Below is an example of the raw output of one of the 4 load generators, which shows some of the capabilities of the java cometd client, which can be used to develop load generators specific for your own application:
Statistics Started at Mon Jun 21 15:50:58 UTC 2010
Operative System: Linux 2.6.32-305-ec2 amd64
JVM : Sun Microsystems Inc. Java HotSpot(TM) 64-Bit Server VM runtime 16.3-b01 1.6.0_20-b02
System Memory: 93.82409% used of 7.5002174 GiB
Used Heap Size: 2453.7236 MiB
Max Heap Size: 5895.0 MiB
Young Generation Heap Size: 2823.0 MiB
- - - - - - - - - - - - - - - - - - - -
Testing 2500 clients in 100 rooms
Sending 3000 batches of 1x50B messages every 8000µs
- - - - - - - - - - - - - - - - - - - -
Statistics Ended at Mon Jun 21 15:51:29 UTC 2010
Elapsed time: 30164 ms
Time in JIT compilation: 12 ms
Time in Young Generation GC: 0 ms (0 collections)
Time in Old Generation GC: 0 ms (0 collections)
Garbage Generated in Young Generation: 1848.7974 MiB
Garbage Generated in Survivor Generation: 0.0 MiB
Garbage Generated in Old Generation: 0.0 MiB
Average CPU Load: 109.96191/200
Outgoing: Elapsed = 30164 ms | Rate = 99 messages/s - 99 requests/s
Waiting for messages to arrive 74450/75081
All messages arrived 75081/75081
Messages - Success/Expected = 75081/75081
Incoming - Elapsed = 30470 ms | Rate = 2464 messages/s - 2368 responses/s (96.14%)

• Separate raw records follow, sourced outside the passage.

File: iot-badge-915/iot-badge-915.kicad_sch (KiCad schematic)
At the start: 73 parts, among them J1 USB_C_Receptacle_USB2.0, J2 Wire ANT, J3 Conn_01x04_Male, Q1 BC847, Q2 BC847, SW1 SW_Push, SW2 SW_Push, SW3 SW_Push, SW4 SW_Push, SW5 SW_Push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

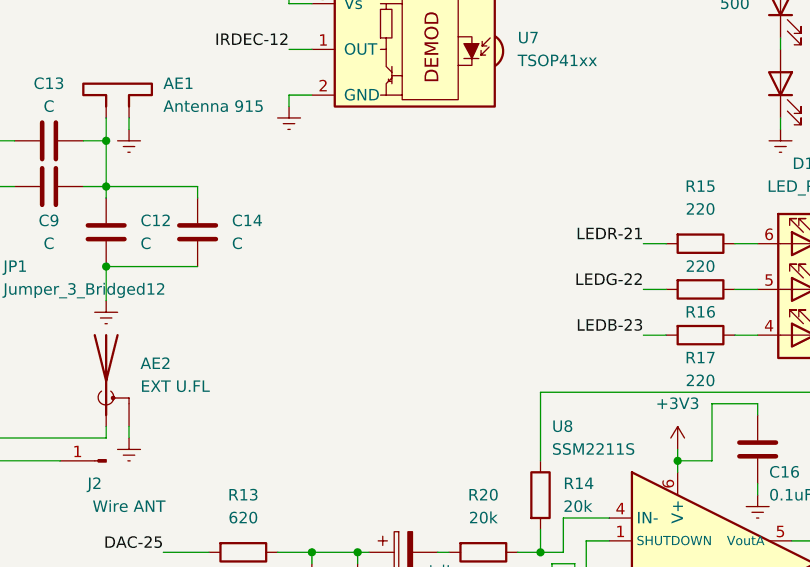
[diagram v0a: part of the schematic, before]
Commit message: added i2s mic symbol
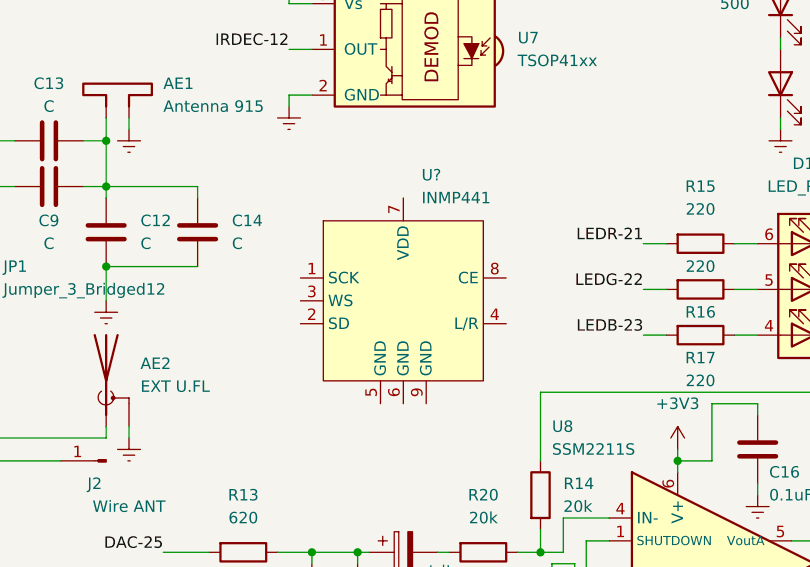
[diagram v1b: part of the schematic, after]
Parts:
- added U?: INMP441, symbol Microphone_I2S:INMP441
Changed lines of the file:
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@@
     (effects (font (size 1.27 1.27)) (justify left bottom))
+  )
+  (symbol (lib_id "Microphone_I2S:INMP441") (at 214.63 92.71 0) (unit 1)
+    (in_bom yes) (on_board yes) (fields_autoplaced)
+    (property "Reference" "U?" (id 0) (at 216.6494 78.74 0)
+      (effects (font (size 1.27 1.27)) (justify left))
+    )
+    (property "Value" "INMP441" (id 1) (at 216.6494 81.28 0)
+      (effects (font (size 1.27 1.27)) (justify left))
+    )
+    (property "Footprint" "" (id 2) (at 214.63 92.71 0)
+      (effects (font (size 1.27 1.27)) hide)
+    )
+    (property "Datasheet" "" (id 3) (at 214.63 92.71 0)
+      (effects (font (size 1.27 1.27)) hide)
+    )
+    (pin "1")
+    (pin "2")
+    (pin "3")
+    (pin "4")
+    (pin "5")
+    (pin "6")
+    (pin "7")
+    (pin "8")
+    (pin "9")
   )
   (symbol (lib_id "power:Earth") (at 46.99 189.23 0) (unit 1)
@@
       (reference "U8") (unit 1) (value "SSM2211S") (footprint "Package_SO:SOIC-8_3.9x4.9mm_P1.27mm")
     )
+    (path "/0027f7de-2de1-4926-a80b-a6847e3b308a"
+      (reference "U?") (unit 1) (value "INMP441") (footprint "")
+    )
     (path "/b6bf3229-edbf-4e20-84e4-316f6abc0502"

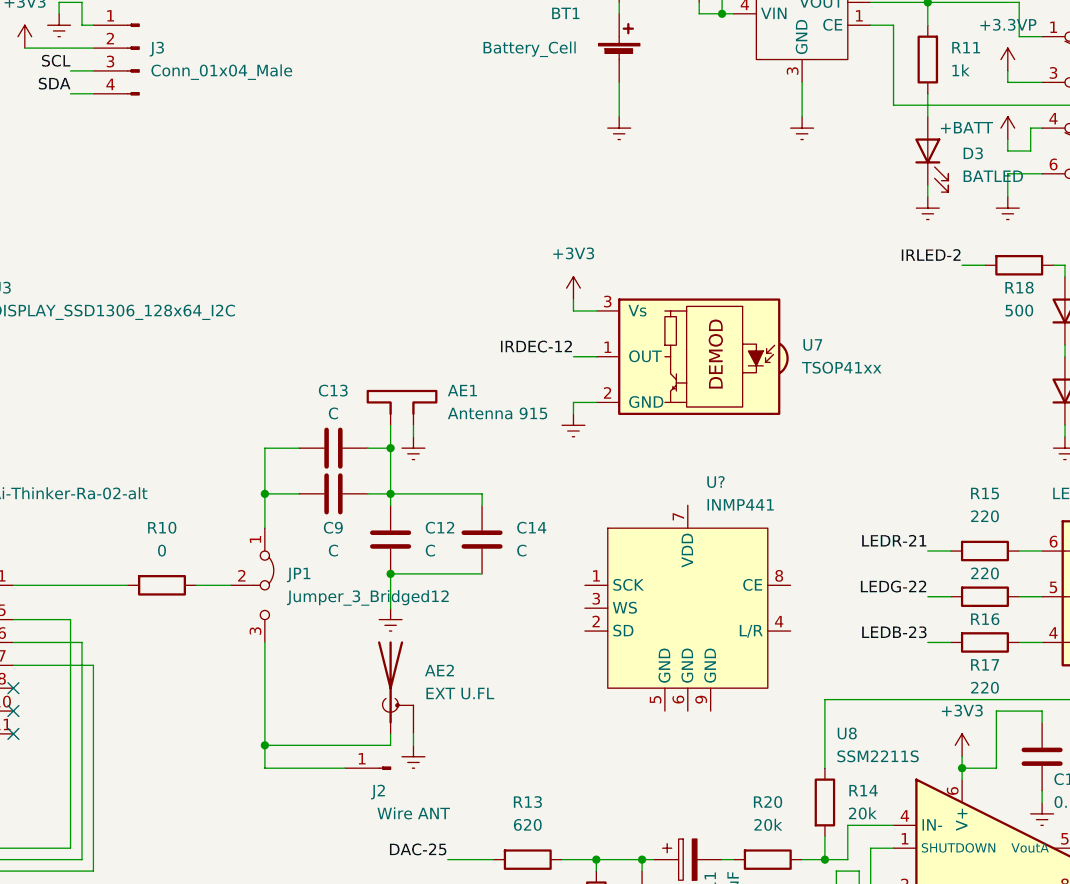
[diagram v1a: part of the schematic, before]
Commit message: placed i2c mic in pcb
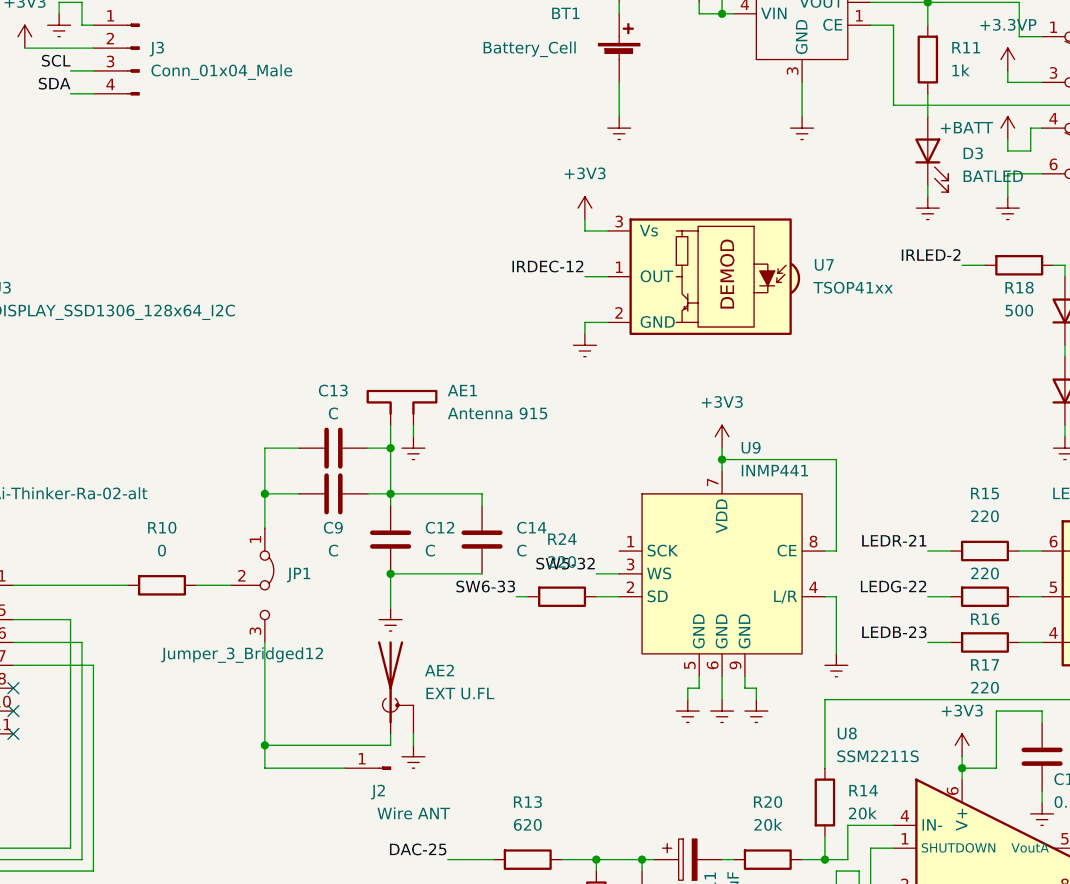
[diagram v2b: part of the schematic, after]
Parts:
- added R24: 220, Resistor_SMD:R_0805_2012Metric_Pad1.20x1.40mm_HandSolder, symbol Device:R
- U9: renamed from U?; footprint (none) -> Microphone_I2S:INMP441
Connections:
- net +3V3: now also U9.7 (VDD), U9.8 (CE)
- net Earth: now also U9.4 (L/R), U9.5 (GND), U9.6 (GND), U9.9 (GND)
- net SW5-32: now also U9.3 (WS)
- net SW6-33: now also R24.2
- net at U9.2 (SD): now also R24.1
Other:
- moved on the sheet: U7, U9

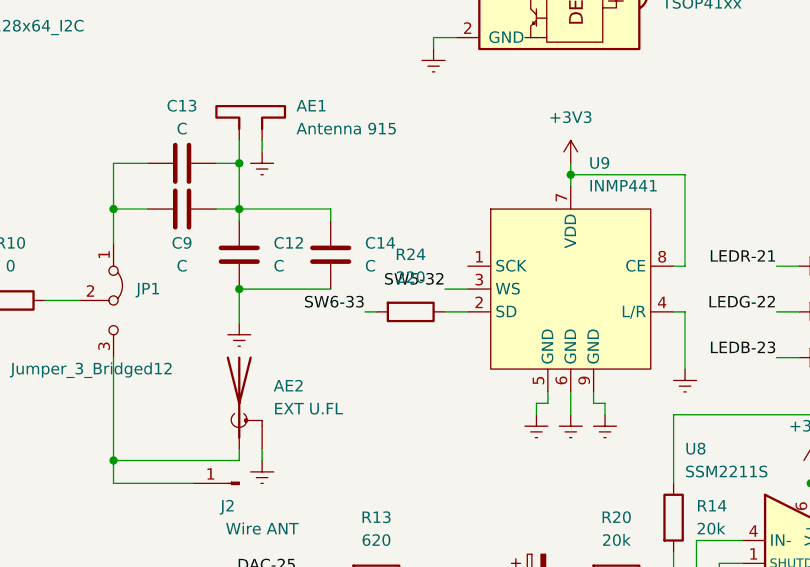
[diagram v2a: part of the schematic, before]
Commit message: finished placing i2s mic
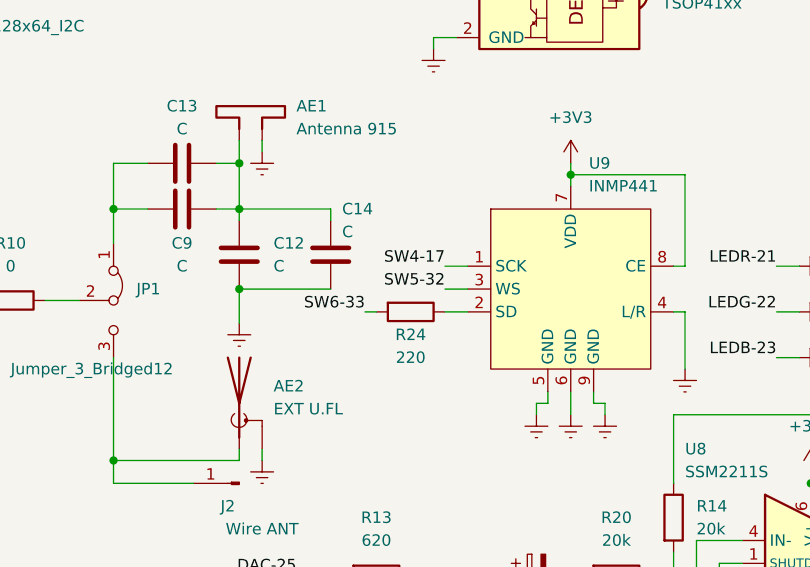
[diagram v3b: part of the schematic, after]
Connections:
- net SW4-17: now also U9.1 (SCK)
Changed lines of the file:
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@@
+    (stroke (width 0) (type default) (color 0 0 0 0))
+  )
+  (wire (pts (xy 204.47 86.36) (xy 207.01 86.36))
     (stroke (width 0) (type default) (color 0 0 0 0))
   )
@@
   )
   (label "SW3-16" (at 217.17 146.05 180)
+    (effects (font (size 1.27 1.27)) (justify right bottom))
+  )
+  (label "SW4-17" (at 204.47 86.36 180)
     (effects (font (size 1.27 1.27)) (justify right bottom))
   )
@@
   )
   (symbol (lib_id "Device:C") (at 191.77 85.09 180) (unit 1)
-    (in_bom yes) (on_board yes) (fields_autoplaced)
-    (property "Reference" "C14" (id 0) (at 195.58 83.8199 0)
+    (in_bom yes) (on_board yes)
+    (property "Reference" "C14" (id 0) (at 193.04 80.01 0)
       (effects (font (size 1.27 1.27)) (justify right))
     )
-    (property "Value" "C" (id 1) (at 195.58 86.3599 0)
+    (property "Value" "C" (id 1) (at 193.04 82.55 0)
       (effects (font (size 1.27 1.27)) (justify right))
     )
@@
   )
   (symbol (lib_id "Device:R") (at 200.66 91.44 270) (unit 1)
-    (in_bom yes) (on_board yes) (fields_autoplaced)
-    (property "Reference" "R24" (id 0) (at 200.66 85.09 90))
-    (property "Value" "220" (id 1) (at 200.66 87.63 90))
+    (in_bom yes) (on_board yes)
+    (property "Reference" "R24" (id 0) (at 200.66 93.98 90))
+    (property "Value" "220" (id 1) (at 200.66 96.52 90))
     (property "Footprint" "Resistor_SMD:R_0805_2012Metric_Pad1.20x1.40mm_HandSolder" (id 2) (at 200.66 89.662 90)
       (effects (font (size 1.27 1.27)) hide)
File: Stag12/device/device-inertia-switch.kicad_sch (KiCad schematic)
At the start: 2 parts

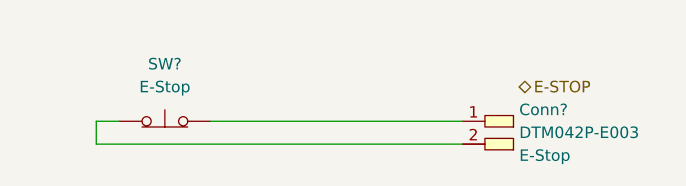
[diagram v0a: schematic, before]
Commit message: Changed filepaths
Makes graphical explorers a bit neater

TODO: Decide on new paths for each device (maybe geographical?)
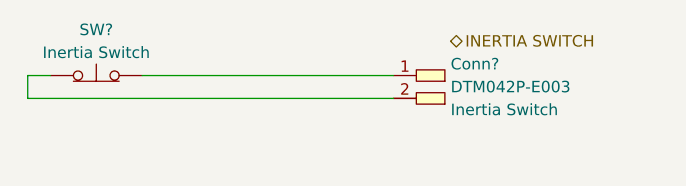
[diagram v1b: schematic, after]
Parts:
- removed Conn?: Deutsch_DTM_2P_Pin, symbol Connectors_SUFST:Deutsch_DTM_2P_Pin
- removed SW?: E-Stop, symbol Switch:SW_Push_Open
- added Conn?: Deutsch_DTM_2P_Pin, symbol Connectors_SUFST:Deutsch_DTM_2P_Pin
- added SW?: Inertia Switch, symbol Switch:SW_Push_Open
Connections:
- new net: Conn?.2, SW?.1 (A)
- new net: Conn?.1, SW?.2 (B)
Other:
- title: DEVICE - E-STOP -> DEVICE - INERTIA SWITCH
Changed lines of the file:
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@@
 	(paper "A4")
 	(title_block
-		(title "DEVICE - E-STOP")
-	)
-	(wire
-		(pts
-			(xy 119.38 99.06) (xy 116.84 99.06)
-		)
-		(stroke
-			(width 0)
-			(type default)
-		)
-	)
-	(wire
-		(pts
-			(xy 116.84 101.6) (xy 157.48 101.6)
-		)
-		(stroke
-			(width 0)
-			(type default)
-		)
-	)
-	(wire
-		(pts
-			(xy 116.84 99.06) (xy 116.84 101.6)
-		)
-		(stroke
-			(width 0)
-			(type default)
-		)
-	)
-	(wire
-		(pts
-			(xy 129.54 99.06) (xy 157.48 99.06)
-		)
-		(stroke
-			(width 0)
-			(type default)
-		)
-	)
-	(hierarchical_label "E-STOP"
+		(title "DEVICE - INERTIA SWITCH")
+	)
+	(wire
+		(pts
+			(xy 109.22 96.52) (xy 149.86 96.52)
+		)
+		(stroke
+			(width 0)
+			(type default)
+		)
+	)
+	(wire
+		(pts
+			(xy 121.92 93.98) (xy 149.86 93.98)
+		)
+		(stroke
+			(width 0)
+			(type default)
+		)
+	)
+	(wire
+		(pts
+			(xy 109.22 93.98) (xy 109.22 96.52)
+		)
+		(stroke
+			(width 0)
+			(type default)
+		)
+	)
+	(wire
+		(pts
+			(xy 111.76 93.98) (xy 109.22 93.98)
+		)
+		(stroke
+			(width 0)
+			(type default)
+		)
+	)
+	(hierarchical_label "INERTIA SWITCH"
 		(shape bidirectional)
-		(at 163.83 95.25 0)
+		(at 156.21 90.17 0)
 		(effects
 			(font
@@
 	(symbol
 		(lib_id "Switch:SW_Push_Open")
-		(at 124.46 99.06 0)
+		(at 116.84 93.98 0)
 		(unit 1)
 		(exclude_from_sim no)
@@
 		(fields_autoplaced yes)
 		(property "Reference" "SW?"
-			(at 124.46 92.71 0)
-			(effects
-				(font
-					(size 1.27 1.27)
-				)
-			)
-		)
-		(property "Value" "E-Stop"
-			(at 124.46 95.25 0)
+			(at 116.84 88.9 0)
+			(effects
+				(font
+					(size 1.27 1.27)
+				)
+			)
+		)
+		(property "Value" "Inertia Switch"
+			(at 116.84 91.44 0)
 			(effects
 				(font
@@
 		)
 		(property "Footprint" ""
-			(at 124.46 93.98 0)
+			(at 116.84 88.9 0)
 			(effects
 				(font
@@
 		)
 		(property "Datasheet" "~"
-			(at 124.46 93.98 0)
+			(at 116.84 88.9 0)
 			(effects
 				(font
@@
 		)
 		(property "Description" ""
-			(at 124.46 99.06 0)
+			(at 116.84 93.98 0)
 			(effects
 				(font
@@
 		)
 		(property "Conn Name" ""
-			(at 124.46 95.25 0)
+			(at 116.84 90.17 0)
 			(effects
 				(font
@@
 		)
 		(instances
-			(project "Stag11"
-				(path "/03011643-0690-4b85-ab78-d6a62dae52b1/3cdef822-b27b-4a71-b67b-74c9f7188311"
+			(project "Stag12"
+				(path "/03011643-0690-4b85-ab78-d6a62dae52b1/f29d1e22-db5a-4e21-943f-a4075fd10598"
 					(reference "SW?")
 					(unit 1)
 				)
-				(path "/03011643-0690-4b85-ab78-d6a62dae52b1/8cb55a6b-0d65-49e2-b083-4cc99e15786c"
-					(reference "SW?")
-					(unit 1)
-				)
-				(path "/03011643-0690-4b85-ab78-d6a62dae52b1/a345ed85-d8da-42e0-9850-81cfb8a2389f"
-					(reference "SW?")
-					(unit 1)
-				)
 			)
 		)
@@
 	(symbol
 		(lib_id "Connectors_SUFST:Deutsch_DTM_2P_Pin")
-		(at 159.385 106.045 180)
+		(at 151.765 100.965 180)
 		(unit 1)
 		(exclude_from_sim no)
@@
 		(fields_autoplaced yes)
 		(property "Reference" "Conn?"
-			(at 163.83 97.79 0)
+			(at 156.21 92.71 0)
 			(effects
 				(font
@@
 		)
 		(property "Value" "Deutsch_DTM_2P_Pin"
-			(at 159.385 106.045 0)
+			(at 151.765 100.965 0)
 			(effects
 				(font
@@
 		)
 		(property "Footprint" ""
-			(at 159.385 104.14 0)
+			(at 151.765 99.06 0)
 			(effects
 				(font
@@
 		)
 		(property "Datasheet" ""
-			(at 159.385 104.14 0)
+			(at 151.765 99.06 0)
 			(effects
 				(font
@@
 		)
 		(property "Description" ""
-			(at 159.385 106.045 0)
+			(at 151.765 100.965 0)
 			(effects
 				(font
@@
 		)
 		(property "P/N" "DTM042P-E003"
-			(at 163.83 100.33 0)
+			(at 156.21 95.25 0)
 			(effects
 				(font
@@
 			)
 		)
-		(property "Conn Name" "E-Stop"
-			(at 163.83 102.87 0)
+		(property "Conn Name" "Inertia Switch"
+			(at 156.21 97.79 0)
 			(effects
 				(font
@@
 		)
 		(instances
-			(project "Stag11"
-				(path "/03011643-0690-4b85-ab78-d6a62dae52b1/3cdef822-b27b-4a71-b67b-74c9f7188311"
+			(project "Stag12"
+				(path "/03011643-0690-4b85-ab78-d6a62dae52b1/f29d1e22-db5a-4e21-943f-a4075fd10598"
 					(reference "Conn?")
 					(unit 1)
-				)
-				(path "/03011643-0690-4b85-ab78-d6a62dae52b1/8cb55a6b-0d65-49e2-b083-4cc99e15786c"
-					(reference "Conn?")
-					(unit 1)
-				)
-				(path "/03011643-0690-4b85-ab78-d6a62dae52b1/a345ed85-d8da-42e0-9850-81cfb8a2389f"
-					(reference "Conn?")
-					(unit 1)

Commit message: More progress on front loom
autosport my beloved
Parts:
- gave numbers to parts that had none: 2
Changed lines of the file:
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@@
 		(dnp no)
 		(fields_autoplaced yes)
-		(property "Reference" "SW?"
+		(property "Reference" "SW13"
 			(at 116.84 88.9 0)
 			(effects
@@
 		(instances
 			(project "Stag12"
-				(path "/03011643-0690-4b85-ab78-d6a62dae52b1/f29d1e22-db5a-4e21-943f-a4075fd10598"
-					(reference "SW?")
+				(path "/03011643-0690-4b85-ab78-d6a62dae52b1/6406ca02-a7b3-44d1-a9c8-8d41c28475a6"
+					(reference "SW13")
 					(unit 1)
 				)
@@
 		(dnp no)
 		(fields_autoplaced yes)
-		(property "Reference" "Conn?"
+		(property "Reference" "Conn41"
 			(at 156.21 92.71 0)
 			(effects
@@
 		(instances
 			(project "Stag12"
-				(path "/03011643-0690-4b85-ab78-d6a62dae52b1/f29d1e22-db5a-4e21-943f-a4075fd10598"
-					(reference "Conn?")
+				(path "/03011643-0690-4b85-ab78-d6a62dae52b1/6406ca02-a7b3-44d1-a9c8-8d41c28475a6"
+					(reference "Conn41")
 					(unit 1)
 				)

Messages - Wall Latency Distribution Curve (X axis: Frequency, Y axis: Latency):
@ _ 56 ms (19201, 25.57%)
@ _ 112 ms (33230, 44.26%) ^50%
@ _ 167 ms (10282, 13.69%)
@ _ 222 ms (3438, 4.58%) ^85%
@ _ 277 ms (2479, 3.30%)
@ _ 332 ms (1647, 2.19%)
@ _ 388 ms (1462, 1.95%) ^95%
@ _ 443 ms (971, 1.29%)
@ _ 498 ms (424, 0.56%)
@ _ 553 ms (443, 0.59%)
@ _ 609 ms (309, 0.41%)
@ _ 664 ms (363, 0.48%)
@ _ 719 ms (338, 0.45%) ^99%
@ _ 774 ms (289, 0.38%)
@ _ 829 ms (153, 0.20%) ^99.9%
@ _ 885 ms (46, 0.06%)
@ _ 940 ms (3, 0.00%)
@ _ 995 ms (1, 0.00%)
@ _ 1050 ms (1, 0.00%)
@ _ 1105 ms (1, 0.00%)
Messages - Wall Latency Min/Ave/Max = 1/120/1105 ms
Messages - Network Latency Min/Ave/Max = 1/108/1100 ms
As time permits, we would like to update our java client to also support the websocket protocol, so that we can also generate the load from 20,000 websocket clients and see how this new protocol may further improve throughput and latency.